Marijuana legalization in Wyoming passed its first hurdle in the Legislature on Friday, after a 6-3 vote in support of a bill in the House Judiciary Committee.

House Bill 209, sponsored by committee chairman Rep. Jared Olsen, R-Cheyenne, will now head to the House floor for debate.

Reps. Dan Laursen, R-Powell; Rachel Rodriguez-Williams, R-Cody; and Art Washut, R-Casper, voted against the bill. Reps. Barry Crago, R-Buffalo, and Ember Oakley, R-Riverton, voted to send the discussion to the House, but said their committee vote won’t necessarily translate to a yes vote there.
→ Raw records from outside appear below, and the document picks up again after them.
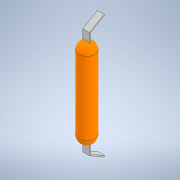
# Autodesk Inventor part: LED Filament
Saved by Autodesk Inventor 2022 (Build 260153000, 153)
## iProperties
Created: 2022-01-31
Part Number: LED Filament
Material: Generic
Document SubType Name: Modeling
Designer: tecware
Density: 1 g/cm^3
Appearance: Default
Author: tecware
Autodesk Inventor part; units mm, degrees
ref_plane "YZ Plane" through (0, 0, 0) normal (1, 0, 0) x (0, 1, 0)
ref_plane "XZ Plane" through (0, 0, 0) normal (0, 1, 0) x (-1, 0, 0)
ref_plane "XY Plane" through (0, 0, 0) normal (0, 0, 1) x (1, 0, 0)
sketch "Sketch1" plane through (0, 0, 0) normal (0, 0, 1) x (1, 0, 0)
  line L0 (1, 4.5) -> (1, -4.5)
  line L1 (-1, -4.5) -> (-1, 4.5)
  arc A0 (1, 4.5) -> (-1, 4.5) centre (0, 4.5) ccw
  arc A1 (-1, -4.5) -> (1, -4.5) centre (0, -4.5) ccw
  line L2 (0, 5.5) -> (0, -5.5)
  point P0 (0, 0)
  point P1 (0, 0)
  dimension "d0" = 2
  dimension "d1" = 9
  constraints: 6 end point, 6 point on circle, 2 centre point, 1 midpoint, 1 parallel
  measures "d0" distance of L0.end L1.start
  measures "d1" distance of L0.start L0.end
revolve "Revolution1" add sketch "Sketch1" angle 360 about axis through (0, 5.5, 0) along (0, -1, 0) contours L2 A1 L1 A0
sketch "Sketch3" plane through (0, 0, 0) normal (1, 0, 0) x (0, 1, 0)
  line L0 (8.5, 0.075) -> (4.5, 0.075)
  line L1 (4.5, 0.075) -> (4.5, -0.075)
  line L2 (4.5, -0.075) -> (8.5, -0.075)
  line L3 (8.5, -0.075) -> (8.5, 0.075)
  line L4 (0, 1.5086) -> (0, -1.8047) construction
  line L5 (6.5, -0.075) -> (7.5, -1.8071)
  line L6 (6.5, -0.075) -> (8.5, -0.075) construction
  line L7 (7.5, -1.8071) -> (7.6299, -1.7321)
  line L8 (7.6299, -1.7321) -> (6.5866, 0.075)
  line L9 (-8.5, 0.075) -> (-4.5, 0.075)
  line L10 (-4.5, 0.075) -> (-4.5, -0.075)
  line L11 (-4.5, -0.075) -> (-8.5, -0.075)
  line L12 (-8.5, -0.075) -> (-8.5, 0.075)
  line L13 (-6.5, -0.075) -> (-7.5, -1.8071)
  line L14 (-6.5, -0.075) -> (-8.5, -0.075) construction
  line L15 (-7.5, -1.8071) -> (-7.6299, -1.7321)
  line L16 (-7.6299, -1.7321) -> (-6.5866, 0.075)
  point P0 (0, 0)
  dimension "d7" = 4
  dimension "d8" = 0.15
  dimension "d11" = 2
  dimension "d12" = 60
  dimension "d13" = 0.15
  dimension "d14" = 4.5
  constraints: 34 end point, 10 symmetric about line, 6 point on line, 3 horizontal, 3 perpendicular, 2 parallel, 2 vertical, 1 equal length, 1 midpoint
  measures "d7" distance of L2.end L1.end
  measures "d8" distance of L1.end L0.end
  measures "d11" distance of L5.start L5.end
  measures "d12" angle of L5 L6
  measures "d13" distance of L5.end L7.end
  measures "d14" distance from line of L4 L1.end
extrude "Extrusion2" add sketch "Sketch3" along normal mid plane 0.8 contours L8 L2 L1 L0 | L8 L7 L5 L2 | L9 L10 L11 L16 | L11 L13 L15 L16
body "Solid1"

Another bill that would allocate funds to study the potential implementation of medical marijuana in Wyoming, sponsored by Rep. Bill Henderson, R-Cheyenne, was discussed at the same time by the committee. No motion was taken on that bill Friday.

Wyoming is one of six states where marijuana use and possession remain entirely illegal.

Committee members heard four hours of comment from stakeholders and members of the public, covering marijuana’s positive medicinal uses, the potential for abuse and addiction and the projected economic benefits of legalization.

“I’ve never used marijuana in my life, I have no intention of using marijuana in my life, I’m not a marijuana advocate,” Olsen said Friday.

But he said the state still needs to move on this legislation to avoid being subject to either a federal decision on marijuana or a citizen initiative down the line.

In presenting the bill, Olsen said Wyoming would stand to see over $50 million in tax revenue in the first year of legalizing THC products. More than $30 million of that could go to funding schools, which are scrambling to find reliable revenue sources. Utah cannabis advocate Justin Arriola said in 2020 that Colorado — whose population is roughly 10 times Wyoming’s — generated $244 million in revenue from THC products in 2020.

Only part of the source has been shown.